#### [Records provided]
┄┄┄┄┄┄┄┄┄┄┄┄┄┄┄┄┄┄┄┄

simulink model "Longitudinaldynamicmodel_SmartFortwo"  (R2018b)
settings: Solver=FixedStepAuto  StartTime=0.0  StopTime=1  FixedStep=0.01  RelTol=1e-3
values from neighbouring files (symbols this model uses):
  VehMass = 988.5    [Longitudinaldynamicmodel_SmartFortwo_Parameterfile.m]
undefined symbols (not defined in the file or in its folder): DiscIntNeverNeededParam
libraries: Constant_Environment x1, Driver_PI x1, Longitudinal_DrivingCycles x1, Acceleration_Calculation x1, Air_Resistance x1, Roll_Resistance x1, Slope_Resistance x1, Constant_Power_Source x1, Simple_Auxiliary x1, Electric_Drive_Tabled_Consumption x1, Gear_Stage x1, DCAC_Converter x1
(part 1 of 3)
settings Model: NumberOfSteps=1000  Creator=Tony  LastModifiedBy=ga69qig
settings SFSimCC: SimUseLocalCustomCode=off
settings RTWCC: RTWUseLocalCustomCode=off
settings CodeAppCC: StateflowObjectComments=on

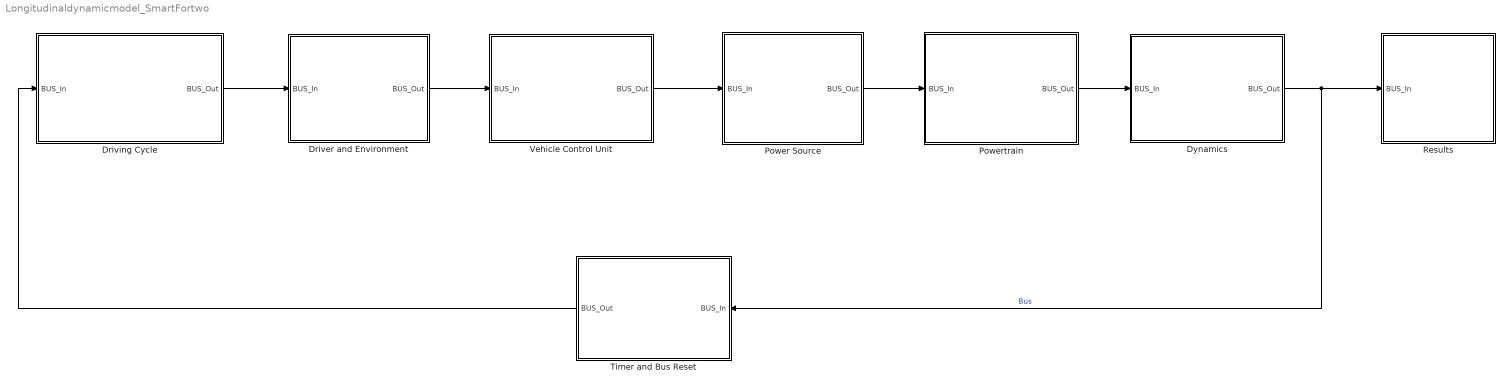
== system Longitudinaldynamicmodel_SmartFortwo ==
  Driver and Environment : Subsystem
      mask help:
      | <Author> Alexander Koch based on Stefan Müller, Stephan Rohr
      | <Date> 03/04/2017
      |
      | <Description>
      | Consist of a Bus In and a Bus Out Block. To Select Signals from the Bus open the Bus In Block, to write signals to the Bus under a certain tab name open the bus out block. For further information, please read the discription of the Bus In and Bus out Block
      |
      | The Block automaticlly disconnects the link to the library block after opening the first time
      |
      | <Parameters>
      | -
      |
      | <Inputs>
      | BUS_In [Bus]
      |
      | <Outputs>
      | Bus_Out [Bus]
      settings: OpenFcn=|
      | set_param(gcb(),'LinkStatus','none')
      | open_system(gcb(),'force')
      mask Display:
      | [picturexpos,pictureypos,picturewidth,pictureheight] = ...
      |     CalcBlockPicturePosition(gcb,1,0.01,0.1,30,30); % calculating picture position depending on Block size and minimum margin size
      | image('Driver_PI.svg',[picturexpos pictureypos picturewidth pictureheight]); % plot picture to block
  Driving Cycle : Subsystem
      mask help:
      | <Author> Alexander Koch based on Stefan Müller, Stephan Rohr
      | <Date> 03/04/2017
      |
      | <Description>
      | Consist of a Bus In and a Bus Out Block. To Select Signals from the Bus open the Bus In Block, to write signals to the Bus under a certain tab name open the bus out block. For further information, please read the discription of the Bus In and Bus out Block
      |
      | The Block automaticlly disconnects the link to the library block after opening the first time
      |
      | <Parameters>
      | -
      |
      | <Inputs>
      | BUS_In [Bus]
      |
      | <Outputs>
      | Bus_Out [Bus]
      settings: OpenFcn=|
      | set_param(gcb(),'LinkStatus','none')
      | open_system(gcb(),'force')
      mask Display:
      | [picturexpos,pictureypos,picturewidth,pictureheight] = ...
      |     CalcBlockPicturePosition(gcb,1,0.01,0.1,50,50); % calculating picture position depending on Block size and minimum margin size
      | image('Longitudinal_DrivingCycles.svg',[picturexpos pictureypos picturewidth pictureheight]); % plot picture to block
  Dynamics : Subsystem
      mask help:
      | <Author> Alexander Koch based on Stefan Müller, Stephan Rohr
      | <Date> 03/04/2017
      |
      | <Description>
      | Consist of a Bus In and a Bus Out Block. To Select Signals from the Bus open the Bus In Block, to write signals to the Bus under a certain tab name open the bus out block. For further information, please read the discription of the Bus In and Bus out Block
      |
      | The Block automaticlly disconnects the link to the library block after opening the first time
      |
      | <Parameters>
      | -
      |
      | <Inputs>
      | BUS_In [Bus]
      |
      | <Outputs>
      | Bus_Out [Bus]
      settings: OpenFcn=|
      | set_param(gcb(),'LinkStatus','none')
      | open_system(gcb(),'force')
      mask Display:
      | [picturexpos,pictureypos,picturewidth,pictureheight] = ...
      |     CalcBlockPicturePosition(gcb,1,0.01,0.1,40,50); % calculating picture position depending on Block size and minimum margin size
      | image('Acceleration_Calculation.svg',[picturexpos pictureypos picturewidth pictureheight]); % plot picture to block
  Power Source : Subsystem
      mask help:
      | <Author> Alexander Koch based on Stefan Müller, Stephan Rohr
      | <Date> 03/04/2017
      |
      | <Description>
      | Consist of a Bus In and a Bus Out Block. To Select Signals from the Bus open the Bus In Block, to write signals to the Bus under a certain tab name open the bus out block. For further information, please read the discription of the Bus In and Bus out Block
      |
      | The Block automaticlly disconnects the link to the library block after opening the first time
      |
      | <Parameters>
      | -
      |
      | <Inputs>
      | BUS_In [Bus]
      |
      | <Outputs>
      | Bus_Out [Bus]
      settings: OpenFcn=|
      | set_param(gcb(),'LinkStatus','none')
      | open_system(gcb(),'force')
      mask Display:
      | [picturexpos,pictureypos,picturewidth,pictureheight] = ...
      |     CalcBlockPicturePosition(gcb,3/6,0.01,0.1,40,40); % calculating picture position depending on Block size and minimum margin size
      | image('Constant_Power_Source.svg',[picturexpos pictureypos picturewidth pictureheight]); % plot picture to block
  Powertrain : Subsystem
      mask help:
      | <Author> Alexander Koch based on Stefan Müller, Stephan Rohr
      | <Date> 03/04/2017
      |
      | <Description>
      | Consist of a Bus In and a Bus Out Block. To Select Signals from the Bus open the Bus In Block, to write signals to the Bus under a certain tab name open the bus out block. For further information, please read the discription of the Bus In and Bus out Block
      |
      | The Block automaticlly disconnects the link to the library block after opening the first time
      |
      | <Parameters>
      | -
      |
      | <Inputs>
      | BUS_In [Bus]
      |
      | <Outputs>
      | Bus_Out [Bus]
      settings: OpenFcn=|
      | set_param(gcb(),'LinkStatus','none')
      | open_system(gcb(),'force')
      mask Display:
      | [picturexpos,pictureypos,picturewidth,pictureheight] = ...
      |     CalcBlockPicturePosition(gcb,1,0.01,0.1,40,40); % calculating picture position depending on Block size and minimum margin size
      | image('Electric_Drive_Simple_Efficiency.svg',[picturexpos pictureypos picturewidth pictureheight]); % plot picture to block
  Results : Subsystem
      mask help:
      | <Author> Alexander Koch
      | <Date> 03/04/2017
      | <Predecessor> Stefan Müller, Stephan Rohr
      |
      | <Description>
      | Consist of a Bus In and a Bus Out Block. To Select Signals from the Bus open the Bus In Block, to write signals to the Bus under a certain tab name open the bus out block. For further information, please read the discription of the Bus In and Bus out Block
      |
      | The Block automaticlly disconnects the link to the library block after opening the first time
      |
      | <Parameters>
      | -
      |
      | <Inputs>
      | Bus [Bus]
      |
      | <Outputs>
      | Bus [Bus]
      settings: OpenFcn=|
      | set_param(gcb(),'LinkStatus','none')
      | open_system(gcb(),'force')
      mask Display:
      | [picturexpos,pictureypos,picturewidth,pictureheight] = ...
      |     CalcBlockPicturePosition(gcb,1,0.01,0.1,40,10); % calculating picture position depending on Block size and minimum margin size
      | image('Scopes_Simulation.svg',[picturexpos pictureypos picturewidth pictureheight]); % plot picture to block
  Timer and Bus Reset : Subsystem
      settings: OpenFcn=|
      | set_param(gcb(),'LinkStatus','none')
      | open_system(gcb(),'mask')
      mask DialogControl RefreshBus Prompt: Refresh Bus
      mask DialogControl RefreshBus Callback: TimerandBusResetRefreshBus()
      mask Display:
      | [picturexpos,pictureypos,picturewidth,pictureheight] = ...
      |     CalcBlockPicturePosition(gcb,1,0.01,0.1,50,50); % calculating picture position depending on Block size and minimum margin size
      | image('reset.png',[picturexpos pictureypos picturewidth pictureheight]); % plot picture to block
  Vehicle Control Unit : Subsystem
      mask help:
      | <Author> Alexander Koch based on Stefan Müller, Stephan Rohr
      | <Date> 03/04/2017
      |
      | <Description>
      | Consist of a Bus In and a Bus Out Block. To Select Signals from the Bus open the Bus In Block, to write signals to the Bus under a certain tab name open the bus out block. For further information, please read the discription of the Bus In and Bus out Block
      |
      | The Block automaticlly disconnects the link to the library block after opening the first time
      |
      | <Parameters>
      | -
      |
      | <Inputs>
      | BUS_In [Bus]
      |
      | <Outputs>
      | Bus_Out [Bus]
      settings: OpenFcn=|
      | set_param(gcb(),'LinkStatus','none')
      | open_system(gcb(),'force')
      mask Display:
      | [picturexpos,pictureypos,picturewidth,pictureheight] = ...
      |     CalcBlockPicturePosition(gcb,1,0.01,0.1,30,30); % calculating picture position depending on Block size and minimum margin size
      | image('Control_Unit_Simple.svg',[picturexpos pictureypos picturewidth pictureheight]); % plot picture to block
  wires:
  Timer and Bus Reset/1(BUS_Out) -> Driving Cycle/1(BUS_In)
  Driving Cycle/1(BUS_Out) -> Driver and Environment/1(BUS_In)
  Driver and Environment/1(BUS_Out) -> Vehicle Control Unit/1(BUS_In)
  Vehicle Control Unit/1(BUS_Out) -> Power Source/1(BUS_In)
  Power Source/1(BUS_Out) -> Powertrain/1(BUS_In)
  Powertrain/1(BUS_Out) -> Dynamics/1(BUS_In)
  Dynamics/1(BUS_Out) -> Timer and Bus Reset/1(BUS_In), Results/1(BUS_In)  "Bus"

== system Longitudinaldynamicmodel_SmartFortwo/Driver and Environment ==
  BUS_In : Inport
  BUS IN : Subsystem
      mask help:
      | <Author> Alexander Koch based on Stefan Müller, Stephan Rohr
      | <Date> 02/05/2017
      |
      | <Description>
      | Automated BUS IN Block for the Bus System. After the Bus In is connected and receives signals it is possible to choose the required signals by clicking on the block. After choosing the signals it is possible to push the Refresh button. This button builds the required amount of outputs, connects the Bus Selector and the Outputs and rename all the outputs with the corresponding signal name.
      |
      | The Block automaticlly disconnects the link to the library block after opening the first time
      |
      | <Parameters>
      | -
      |
      | <Inputs>
      | Bus [Bus]
      |
      | <Outputs>
      | Bus [Bus]
      | SignalName[-]
      mask init:
      | BusInInitFct()
      settings: OpenFcn=|
      | set_param(gcb(),'LinkStatus','none')
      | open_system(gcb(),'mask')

┄┄┄┄┄┄┄┄┄┄┄┄┄┄┄┄┄┄┄┄

#### [What is needed]
Once you have read the records above, say how many of their lines contain the word "Vehicle", giving only that figure.

#### [Written response]
3